TASK PROMPT
Give back exactly the lines from the start of the listing to the line containing "#1=APPLICATION_CONTEXT('core data for", inclusive, and nothing beyond them.
——————————
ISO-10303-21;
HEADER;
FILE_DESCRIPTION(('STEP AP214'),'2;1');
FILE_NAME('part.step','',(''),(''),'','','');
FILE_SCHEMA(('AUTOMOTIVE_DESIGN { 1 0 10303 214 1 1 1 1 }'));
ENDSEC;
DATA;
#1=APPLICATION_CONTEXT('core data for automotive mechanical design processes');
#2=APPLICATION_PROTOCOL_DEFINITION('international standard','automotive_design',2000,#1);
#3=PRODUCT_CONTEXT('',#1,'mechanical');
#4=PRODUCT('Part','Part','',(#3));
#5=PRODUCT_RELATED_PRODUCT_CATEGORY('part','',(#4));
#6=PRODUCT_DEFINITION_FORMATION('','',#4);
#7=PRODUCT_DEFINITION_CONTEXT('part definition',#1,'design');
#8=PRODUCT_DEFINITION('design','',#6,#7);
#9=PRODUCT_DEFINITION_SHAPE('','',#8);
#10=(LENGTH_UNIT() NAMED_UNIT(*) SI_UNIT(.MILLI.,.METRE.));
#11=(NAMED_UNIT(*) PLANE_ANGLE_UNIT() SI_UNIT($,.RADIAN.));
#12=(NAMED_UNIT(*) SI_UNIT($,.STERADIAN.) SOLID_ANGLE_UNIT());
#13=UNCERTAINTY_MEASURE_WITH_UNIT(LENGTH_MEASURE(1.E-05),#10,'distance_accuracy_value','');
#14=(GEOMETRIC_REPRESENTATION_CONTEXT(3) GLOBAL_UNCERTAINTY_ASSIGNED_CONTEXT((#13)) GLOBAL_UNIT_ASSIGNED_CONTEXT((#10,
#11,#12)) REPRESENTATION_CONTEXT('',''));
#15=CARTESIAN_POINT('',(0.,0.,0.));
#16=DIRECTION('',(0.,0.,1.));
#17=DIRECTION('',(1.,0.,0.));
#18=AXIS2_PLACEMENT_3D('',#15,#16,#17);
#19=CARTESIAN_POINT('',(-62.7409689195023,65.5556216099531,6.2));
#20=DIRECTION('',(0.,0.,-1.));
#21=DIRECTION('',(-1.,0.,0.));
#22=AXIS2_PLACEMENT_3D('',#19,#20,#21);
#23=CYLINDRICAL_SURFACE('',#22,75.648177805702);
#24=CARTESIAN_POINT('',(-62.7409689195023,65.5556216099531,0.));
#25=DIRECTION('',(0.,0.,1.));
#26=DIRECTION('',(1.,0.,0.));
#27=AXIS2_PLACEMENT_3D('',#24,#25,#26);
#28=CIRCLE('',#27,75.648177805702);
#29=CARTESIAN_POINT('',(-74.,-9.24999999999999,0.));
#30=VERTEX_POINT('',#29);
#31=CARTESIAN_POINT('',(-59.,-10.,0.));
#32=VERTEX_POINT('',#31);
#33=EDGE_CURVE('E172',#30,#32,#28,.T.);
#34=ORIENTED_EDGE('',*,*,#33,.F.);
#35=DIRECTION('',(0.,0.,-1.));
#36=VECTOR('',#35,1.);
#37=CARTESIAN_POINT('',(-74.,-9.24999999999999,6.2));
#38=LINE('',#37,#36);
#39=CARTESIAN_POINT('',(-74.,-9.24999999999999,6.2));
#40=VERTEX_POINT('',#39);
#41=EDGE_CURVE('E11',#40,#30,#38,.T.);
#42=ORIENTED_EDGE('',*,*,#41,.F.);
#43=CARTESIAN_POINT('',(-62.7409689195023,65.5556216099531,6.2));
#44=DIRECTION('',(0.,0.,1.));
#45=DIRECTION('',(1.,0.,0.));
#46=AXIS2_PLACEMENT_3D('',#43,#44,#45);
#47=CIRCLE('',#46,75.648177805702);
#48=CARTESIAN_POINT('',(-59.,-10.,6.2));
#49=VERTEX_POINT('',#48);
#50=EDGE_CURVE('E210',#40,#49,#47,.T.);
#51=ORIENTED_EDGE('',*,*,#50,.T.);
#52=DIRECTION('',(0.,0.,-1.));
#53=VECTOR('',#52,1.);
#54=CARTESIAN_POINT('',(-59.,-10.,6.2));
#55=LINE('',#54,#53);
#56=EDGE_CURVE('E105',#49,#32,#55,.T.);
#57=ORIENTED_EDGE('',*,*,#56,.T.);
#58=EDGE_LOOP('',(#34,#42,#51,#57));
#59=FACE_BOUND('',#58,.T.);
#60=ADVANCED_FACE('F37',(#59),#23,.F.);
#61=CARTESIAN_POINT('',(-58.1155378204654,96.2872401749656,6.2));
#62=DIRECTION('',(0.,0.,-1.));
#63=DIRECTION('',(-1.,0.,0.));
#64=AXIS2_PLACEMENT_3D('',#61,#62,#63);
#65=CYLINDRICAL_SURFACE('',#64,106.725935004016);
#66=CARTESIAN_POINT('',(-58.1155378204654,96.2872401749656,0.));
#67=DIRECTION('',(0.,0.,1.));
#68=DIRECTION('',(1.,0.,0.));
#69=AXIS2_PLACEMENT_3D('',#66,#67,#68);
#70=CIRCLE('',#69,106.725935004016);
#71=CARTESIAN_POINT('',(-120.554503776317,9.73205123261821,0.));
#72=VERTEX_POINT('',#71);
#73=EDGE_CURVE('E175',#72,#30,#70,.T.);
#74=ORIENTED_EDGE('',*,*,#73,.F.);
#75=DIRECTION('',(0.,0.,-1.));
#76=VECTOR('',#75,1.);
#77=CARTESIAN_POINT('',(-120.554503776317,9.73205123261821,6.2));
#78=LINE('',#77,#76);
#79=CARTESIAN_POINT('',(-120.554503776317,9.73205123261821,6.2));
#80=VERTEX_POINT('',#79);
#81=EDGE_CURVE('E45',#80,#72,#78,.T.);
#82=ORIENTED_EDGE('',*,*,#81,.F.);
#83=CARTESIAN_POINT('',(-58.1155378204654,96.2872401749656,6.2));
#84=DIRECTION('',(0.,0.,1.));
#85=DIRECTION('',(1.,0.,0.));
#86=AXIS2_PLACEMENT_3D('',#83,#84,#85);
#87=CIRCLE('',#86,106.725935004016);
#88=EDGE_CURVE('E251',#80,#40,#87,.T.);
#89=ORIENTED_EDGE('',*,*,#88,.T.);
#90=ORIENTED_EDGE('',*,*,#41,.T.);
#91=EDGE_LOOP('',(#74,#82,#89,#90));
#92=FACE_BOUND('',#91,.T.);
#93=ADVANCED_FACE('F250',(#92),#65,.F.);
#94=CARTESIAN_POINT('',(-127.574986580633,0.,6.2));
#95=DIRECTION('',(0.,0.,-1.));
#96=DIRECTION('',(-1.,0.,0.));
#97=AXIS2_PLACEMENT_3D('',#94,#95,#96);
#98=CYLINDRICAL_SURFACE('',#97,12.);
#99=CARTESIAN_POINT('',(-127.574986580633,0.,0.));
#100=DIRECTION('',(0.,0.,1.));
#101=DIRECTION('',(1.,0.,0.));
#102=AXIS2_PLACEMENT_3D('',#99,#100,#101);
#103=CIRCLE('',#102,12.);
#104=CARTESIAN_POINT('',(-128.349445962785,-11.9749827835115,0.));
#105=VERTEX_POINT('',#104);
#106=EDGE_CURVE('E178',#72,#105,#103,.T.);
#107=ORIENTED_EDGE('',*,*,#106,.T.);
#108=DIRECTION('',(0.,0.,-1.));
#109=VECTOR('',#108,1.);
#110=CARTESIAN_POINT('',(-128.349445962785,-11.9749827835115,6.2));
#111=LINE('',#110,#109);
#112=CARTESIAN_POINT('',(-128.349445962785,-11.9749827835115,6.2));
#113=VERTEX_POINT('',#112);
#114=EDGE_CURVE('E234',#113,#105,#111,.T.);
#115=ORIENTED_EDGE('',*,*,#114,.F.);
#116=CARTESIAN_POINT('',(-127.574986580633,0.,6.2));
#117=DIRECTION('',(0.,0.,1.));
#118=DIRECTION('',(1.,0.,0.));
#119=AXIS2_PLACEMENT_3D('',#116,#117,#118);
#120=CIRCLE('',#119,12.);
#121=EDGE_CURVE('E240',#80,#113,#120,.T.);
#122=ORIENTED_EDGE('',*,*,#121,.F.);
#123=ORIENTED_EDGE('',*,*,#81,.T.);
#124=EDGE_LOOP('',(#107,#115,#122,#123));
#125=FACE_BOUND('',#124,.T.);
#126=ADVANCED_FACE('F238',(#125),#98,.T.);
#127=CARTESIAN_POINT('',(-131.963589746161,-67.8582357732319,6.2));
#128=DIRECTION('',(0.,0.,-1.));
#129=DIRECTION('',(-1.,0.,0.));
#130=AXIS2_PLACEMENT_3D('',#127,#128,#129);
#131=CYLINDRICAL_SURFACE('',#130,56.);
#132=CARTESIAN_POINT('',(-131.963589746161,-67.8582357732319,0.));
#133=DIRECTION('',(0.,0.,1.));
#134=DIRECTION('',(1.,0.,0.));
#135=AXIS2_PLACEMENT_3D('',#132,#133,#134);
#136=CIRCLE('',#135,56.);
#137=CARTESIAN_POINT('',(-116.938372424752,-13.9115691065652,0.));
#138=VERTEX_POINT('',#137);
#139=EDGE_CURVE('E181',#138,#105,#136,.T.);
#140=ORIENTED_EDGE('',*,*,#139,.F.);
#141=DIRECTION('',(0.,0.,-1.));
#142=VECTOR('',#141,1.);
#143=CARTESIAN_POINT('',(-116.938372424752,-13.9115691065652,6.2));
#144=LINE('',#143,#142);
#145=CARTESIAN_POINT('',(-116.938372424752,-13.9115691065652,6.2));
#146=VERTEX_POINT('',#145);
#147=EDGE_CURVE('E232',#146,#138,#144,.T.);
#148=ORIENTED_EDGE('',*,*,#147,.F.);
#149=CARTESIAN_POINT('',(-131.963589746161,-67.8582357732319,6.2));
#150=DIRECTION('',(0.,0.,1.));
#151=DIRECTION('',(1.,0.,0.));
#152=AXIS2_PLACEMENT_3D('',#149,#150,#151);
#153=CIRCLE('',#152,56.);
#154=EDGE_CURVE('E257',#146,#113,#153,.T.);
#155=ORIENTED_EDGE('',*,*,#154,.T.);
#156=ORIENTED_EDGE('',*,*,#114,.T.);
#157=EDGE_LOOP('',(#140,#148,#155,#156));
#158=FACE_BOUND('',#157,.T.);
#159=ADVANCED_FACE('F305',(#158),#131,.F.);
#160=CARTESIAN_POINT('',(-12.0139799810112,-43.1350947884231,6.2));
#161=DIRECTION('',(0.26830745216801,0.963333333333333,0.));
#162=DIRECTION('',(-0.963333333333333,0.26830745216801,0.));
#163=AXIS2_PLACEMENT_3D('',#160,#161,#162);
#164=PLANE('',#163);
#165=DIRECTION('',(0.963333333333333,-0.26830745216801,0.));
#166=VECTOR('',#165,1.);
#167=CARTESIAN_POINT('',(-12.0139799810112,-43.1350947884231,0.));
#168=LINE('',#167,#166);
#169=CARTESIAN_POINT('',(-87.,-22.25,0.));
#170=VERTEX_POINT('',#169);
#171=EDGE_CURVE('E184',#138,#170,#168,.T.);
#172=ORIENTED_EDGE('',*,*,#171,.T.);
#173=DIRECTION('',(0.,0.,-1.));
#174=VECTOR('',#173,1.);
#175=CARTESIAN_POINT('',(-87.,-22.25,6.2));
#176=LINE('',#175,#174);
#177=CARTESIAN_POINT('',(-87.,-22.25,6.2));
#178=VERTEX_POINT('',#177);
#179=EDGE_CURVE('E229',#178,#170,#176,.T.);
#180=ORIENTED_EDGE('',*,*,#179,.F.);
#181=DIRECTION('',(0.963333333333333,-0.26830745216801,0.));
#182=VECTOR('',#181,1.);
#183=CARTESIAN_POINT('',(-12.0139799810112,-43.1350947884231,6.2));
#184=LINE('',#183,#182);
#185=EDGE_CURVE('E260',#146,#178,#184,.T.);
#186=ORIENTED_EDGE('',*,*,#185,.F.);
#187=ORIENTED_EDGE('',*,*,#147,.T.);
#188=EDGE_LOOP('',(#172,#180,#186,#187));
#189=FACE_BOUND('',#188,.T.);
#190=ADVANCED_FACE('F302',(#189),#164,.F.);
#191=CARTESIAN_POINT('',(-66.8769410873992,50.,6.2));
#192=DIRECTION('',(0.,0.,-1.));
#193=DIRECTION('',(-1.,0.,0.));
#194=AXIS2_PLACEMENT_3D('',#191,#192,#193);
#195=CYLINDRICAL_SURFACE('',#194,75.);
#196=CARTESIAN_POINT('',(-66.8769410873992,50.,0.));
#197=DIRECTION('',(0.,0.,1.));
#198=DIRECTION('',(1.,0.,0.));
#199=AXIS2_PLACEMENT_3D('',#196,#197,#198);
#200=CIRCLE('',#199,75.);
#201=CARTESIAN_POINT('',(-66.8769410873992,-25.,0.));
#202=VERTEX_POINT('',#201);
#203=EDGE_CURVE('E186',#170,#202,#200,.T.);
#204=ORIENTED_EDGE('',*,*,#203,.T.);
——————————
PROBLEM SOLUTION
ISO-10303-21;
HEADER;
FILE_DESCRIPTION(('STEP AP214'),'2;1');
FILE_NAME('part.step','',(''),(''),'','','');
FILE_SCHEMA(('AUTOMOTIVE_DESIGN { 1 0 10303 214 1 1 1 1 }'));
ENDSEC;
DATA;
#1=APPLICATION_CONTEXT('core data for automotive mechanical design processes');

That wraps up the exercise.